- Action item: Start at the line with "To Workspace1 : ToWorkspace" in the records below, stop at the line with "Product5/1 -> [p4]", and return every line in that span exactly, the two end lines included.

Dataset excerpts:
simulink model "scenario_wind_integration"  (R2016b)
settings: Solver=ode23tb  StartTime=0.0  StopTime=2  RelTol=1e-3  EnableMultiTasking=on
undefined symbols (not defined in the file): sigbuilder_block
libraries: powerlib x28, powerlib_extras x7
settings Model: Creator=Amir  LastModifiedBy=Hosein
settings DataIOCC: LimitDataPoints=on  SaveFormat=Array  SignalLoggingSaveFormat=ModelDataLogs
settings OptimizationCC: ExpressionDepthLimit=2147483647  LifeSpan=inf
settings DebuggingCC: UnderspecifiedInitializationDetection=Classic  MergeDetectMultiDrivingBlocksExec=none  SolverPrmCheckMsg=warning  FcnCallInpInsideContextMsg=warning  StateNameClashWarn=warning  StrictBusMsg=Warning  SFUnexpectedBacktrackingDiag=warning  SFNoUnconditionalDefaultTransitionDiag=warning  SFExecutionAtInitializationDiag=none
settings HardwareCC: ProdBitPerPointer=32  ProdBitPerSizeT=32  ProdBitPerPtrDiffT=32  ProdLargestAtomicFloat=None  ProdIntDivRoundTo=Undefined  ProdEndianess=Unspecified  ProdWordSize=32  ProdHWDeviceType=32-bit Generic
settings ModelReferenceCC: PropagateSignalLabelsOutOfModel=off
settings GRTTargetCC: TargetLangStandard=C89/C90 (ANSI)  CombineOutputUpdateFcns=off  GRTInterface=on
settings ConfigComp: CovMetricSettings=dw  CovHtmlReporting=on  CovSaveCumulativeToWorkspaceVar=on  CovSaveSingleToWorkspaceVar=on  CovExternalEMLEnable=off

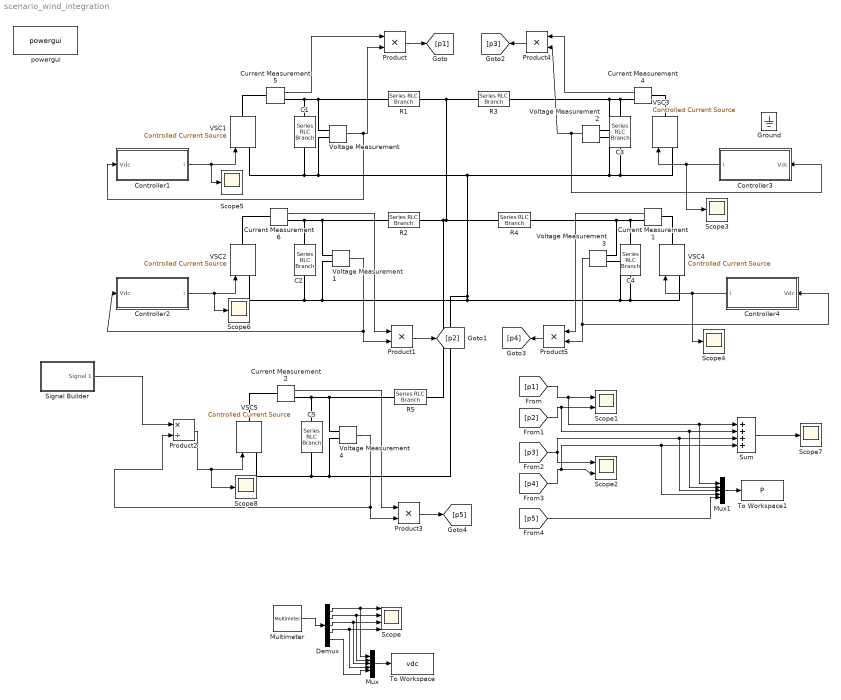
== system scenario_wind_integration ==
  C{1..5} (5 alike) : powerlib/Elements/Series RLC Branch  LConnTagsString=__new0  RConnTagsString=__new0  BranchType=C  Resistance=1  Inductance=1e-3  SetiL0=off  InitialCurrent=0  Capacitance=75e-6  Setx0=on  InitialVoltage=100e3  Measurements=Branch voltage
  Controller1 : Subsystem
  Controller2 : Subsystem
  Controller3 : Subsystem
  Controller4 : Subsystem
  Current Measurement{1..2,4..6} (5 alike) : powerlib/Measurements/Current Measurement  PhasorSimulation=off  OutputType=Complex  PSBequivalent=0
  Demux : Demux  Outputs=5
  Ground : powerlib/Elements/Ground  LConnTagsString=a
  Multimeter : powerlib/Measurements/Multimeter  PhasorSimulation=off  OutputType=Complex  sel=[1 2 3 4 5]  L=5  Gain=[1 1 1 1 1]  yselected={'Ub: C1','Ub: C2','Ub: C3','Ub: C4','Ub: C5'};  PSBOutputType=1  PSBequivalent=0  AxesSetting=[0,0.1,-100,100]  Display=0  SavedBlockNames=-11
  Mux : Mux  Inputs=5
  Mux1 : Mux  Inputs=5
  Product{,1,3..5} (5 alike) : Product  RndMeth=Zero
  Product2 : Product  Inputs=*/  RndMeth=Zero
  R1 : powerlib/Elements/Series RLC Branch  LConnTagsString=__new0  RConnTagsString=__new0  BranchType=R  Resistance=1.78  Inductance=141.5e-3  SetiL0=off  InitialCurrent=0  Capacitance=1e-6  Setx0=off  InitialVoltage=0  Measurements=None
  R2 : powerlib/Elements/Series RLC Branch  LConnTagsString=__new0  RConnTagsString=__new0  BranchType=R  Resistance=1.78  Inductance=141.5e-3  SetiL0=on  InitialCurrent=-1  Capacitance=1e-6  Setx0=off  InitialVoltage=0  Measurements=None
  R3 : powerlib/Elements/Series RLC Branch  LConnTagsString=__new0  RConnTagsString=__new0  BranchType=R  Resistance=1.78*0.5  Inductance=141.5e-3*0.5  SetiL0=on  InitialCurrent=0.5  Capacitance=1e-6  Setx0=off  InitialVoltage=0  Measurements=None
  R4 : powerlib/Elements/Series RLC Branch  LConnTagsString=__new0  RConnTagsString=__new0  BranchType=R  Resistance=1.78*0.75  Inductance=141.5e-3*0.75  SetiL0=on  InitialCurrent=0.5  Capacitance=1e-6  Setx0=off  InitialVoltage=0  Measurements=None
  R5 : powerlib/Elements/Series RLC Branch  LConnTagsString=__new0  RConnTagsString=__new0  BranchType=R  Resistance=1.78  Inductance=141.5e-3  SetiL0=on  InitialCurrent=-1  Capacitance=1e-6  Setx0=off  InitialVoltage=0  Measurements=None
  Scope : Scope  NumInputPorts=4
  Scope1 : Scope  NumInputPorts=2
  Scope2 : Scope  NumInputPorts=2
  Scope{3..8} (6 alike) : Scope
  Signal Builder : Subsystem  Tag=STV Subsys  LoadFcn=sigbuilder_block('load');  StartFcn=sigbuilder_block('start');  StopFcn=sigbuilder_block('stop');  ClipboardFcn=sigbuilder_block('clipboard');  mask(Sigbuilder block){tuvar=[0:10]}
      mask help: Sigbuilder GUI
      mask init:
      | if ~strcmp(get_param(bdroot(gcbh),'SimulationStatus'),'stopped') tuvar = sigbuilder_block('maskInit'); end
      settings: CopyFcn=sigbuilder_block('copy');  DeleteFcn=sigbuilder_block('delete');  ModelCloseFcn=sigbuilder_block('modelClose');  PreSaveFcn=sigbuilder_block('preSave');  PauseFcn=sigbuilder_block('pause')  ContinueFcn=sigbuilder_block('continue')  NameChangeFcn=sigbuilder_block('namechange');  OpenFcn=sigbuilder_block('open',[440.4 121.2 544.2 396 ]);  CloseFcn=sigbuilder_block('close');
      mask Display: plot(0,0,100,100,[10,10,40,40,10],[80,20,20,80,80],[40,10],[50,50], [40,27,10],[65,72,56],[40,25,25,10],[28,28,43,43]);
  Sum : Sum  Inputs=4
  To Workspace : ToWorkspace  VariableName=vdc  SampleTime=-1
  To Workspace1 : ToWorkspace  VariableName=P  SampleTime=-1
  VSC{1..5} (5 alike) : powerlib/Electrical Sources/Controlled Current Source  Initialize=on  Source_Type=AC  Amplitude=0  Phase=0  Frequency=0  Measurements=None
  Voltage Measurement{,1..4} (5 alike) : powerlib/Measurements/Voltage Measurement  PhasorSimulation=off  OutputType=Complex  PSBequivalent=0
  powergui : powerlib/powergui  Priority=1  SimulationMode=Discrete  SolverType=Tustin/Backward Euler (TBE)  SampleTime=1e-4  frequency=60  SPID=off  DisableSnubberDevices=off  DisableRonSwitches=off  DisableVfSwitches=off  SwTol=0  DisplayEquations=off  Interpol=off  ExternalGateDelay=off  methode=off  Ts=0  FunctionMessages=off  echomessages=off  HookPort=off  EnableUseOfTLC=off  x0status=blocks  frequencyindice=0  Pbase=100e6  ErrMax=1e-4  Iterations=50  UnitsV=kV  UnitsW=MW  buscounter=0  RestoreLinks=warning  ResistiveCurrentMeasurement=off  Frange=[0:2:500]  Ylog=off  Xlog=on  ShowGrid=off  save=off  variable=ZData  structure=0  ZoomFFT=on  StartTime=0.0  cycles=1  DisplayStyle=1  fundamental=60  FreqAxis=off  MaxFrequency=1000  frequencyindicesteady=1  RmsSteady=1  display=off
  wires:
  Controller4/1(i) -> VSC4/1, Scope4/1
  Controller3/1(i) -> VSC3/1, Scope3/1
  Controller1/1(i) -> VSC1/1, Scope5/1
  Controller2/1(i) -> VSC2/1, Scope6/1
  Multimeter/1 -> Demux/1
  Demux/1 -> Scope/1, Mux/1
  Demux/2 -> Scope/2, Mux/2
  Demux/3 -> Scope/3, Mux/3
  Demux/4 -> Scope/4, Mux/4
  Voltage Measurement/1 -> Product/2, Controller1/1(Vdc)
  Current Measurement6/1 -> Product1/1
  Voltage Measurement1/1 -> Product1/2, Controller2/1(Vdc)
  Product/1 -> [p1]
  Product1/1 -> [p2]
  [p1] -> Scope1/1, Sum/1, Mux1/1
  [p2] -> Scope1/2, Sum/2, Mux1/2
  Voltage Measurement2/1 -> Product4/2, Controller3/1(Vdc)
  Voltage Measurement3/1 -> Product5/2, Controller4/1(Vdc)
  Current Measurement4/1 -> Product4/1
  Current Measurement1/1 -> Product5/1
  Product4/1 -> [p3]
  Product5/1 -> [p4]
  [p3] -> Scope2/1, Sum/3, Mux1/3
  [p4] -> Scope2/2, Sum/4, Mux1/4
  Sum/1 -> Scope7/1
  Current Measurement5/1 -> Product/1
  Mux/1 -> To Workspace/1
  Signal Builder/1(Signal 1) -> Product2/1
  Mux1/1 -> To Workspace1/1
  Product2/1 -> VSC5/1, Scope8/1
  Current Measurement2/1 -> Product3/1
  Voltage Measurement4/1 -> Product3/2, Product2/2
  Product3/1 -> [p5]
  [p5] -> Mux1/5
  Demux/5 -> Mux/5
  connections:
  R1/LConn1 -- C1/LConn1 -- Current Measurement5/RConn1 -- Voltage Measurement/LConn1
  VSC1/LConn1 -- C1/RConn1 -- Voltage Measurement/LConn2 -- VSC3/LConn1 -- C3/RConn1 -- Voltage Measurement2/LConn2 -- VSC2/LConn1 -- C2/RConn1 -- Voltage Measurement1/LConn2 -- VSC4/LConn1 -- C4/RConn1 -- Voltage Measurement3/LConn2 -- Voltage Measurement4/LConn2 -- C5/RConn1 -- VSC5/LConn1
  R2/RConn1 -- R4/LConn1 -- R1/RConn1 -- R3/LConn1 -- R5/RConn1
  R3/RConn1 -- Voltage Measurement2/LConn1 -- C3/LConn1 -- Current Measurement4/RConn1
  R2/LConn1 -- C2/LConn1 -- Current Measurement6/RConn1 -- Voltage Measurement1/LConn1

- Your response:
  To Workspace1 : ToWorkspace  VariableName=P  SampleTime=-1
  VSC{1..5} (5 alike) : powerlib/Electrical Sources/Controlled Current Source  Initialize=on  Source_Type=AC  Amplitude=0  Phase=0  Frequency=0  Measurements=None
  Voltage Measurement{,1..4} (5 alike) : powerlib/Measurements/Voltage Measurement  PhasorSimulation=off  OutputType=Complex  PSBequivalent=0
  powergui : powerlib/powergui  Priority=1  SimulationMode=Discrete  SolverType=Tustin/Backward Euler (TBE)  SampleTime=1e-4  frequency=60  SPID=off  DisableSnubberDevices=off  DisableRonSwitches=off  DisableVfSwitches=off  SwTol=0  DisplayEquations=off  Interpol=off  ExternalGateDelay=off  methode=off  Ts=0  FunctionMessages=off  echomessages=off  HookPort=off  EnableUseOfTLC=off  x0status=blocks  frequencyindice=0  Pbase=100e6  ErrMax=1e-4  Iterations=50  UnitsV=kV  UnitsW=MW  buscounter=0  RestoreLinks=warning  ResistiveCurrentMeasurement=off  Frange=[0:2:500]  Ylog=off  Xlog=on  ShowGrid=off  save=off  variable=ZData  structure=0  ZoomFFT=on  StartTime=0.0  cycles=1  DisplayStyle=1  fundamental=60  FreqAxis=off  MaxFrequency=1000  frequencyindicesteady=1  RmsSteady=1  display=off
  wires:
  Controller4/1(i) -> VSC4/1, Scope4/1
  Controller3/1(i) -> VSC3/1, Scope3/1
  Controller1/1(i) -> VSC1/1, Scope5/1
  Controller2/1(i) -> VSC2/1, Scope6/1
  Multimeter/1 -> Demux/1
  Demux/1 -> Scope/1, Mux/1
  Demux/2 -> Scope/2, Mux/2
  Demux/3 -> Scope/3, Mux/3
  Demux/4 -> Scope/4, Mux/4
  Voltage Measurement/1 -> Product/2, Controller1/1(Vdc)
  Current Measurement6/1 -> Product1/1
  Voltage Measurement1/1 -> Product1/2, Controller2/1(Vdc)
  Product/1 -> [p1]
  Product1/1 -> [p2]
  [p1] -> Scope1/1, Sum/1, Mux1/1
  [p2] -> Scope1/2, Sum/2, Mux1/2
  Voltage Measurement2/1 -> Product4/2, Controller3/1(Vdc)
  Voltage Measurement3/1 -> Product5/2, Controller4/1(Vdc)
  Current Measurement4/1 -> Product4/1
  Current Measurement1/1 -> Product5/1
  Product4/1 -> [p3]
  Product5/1 -> [p4]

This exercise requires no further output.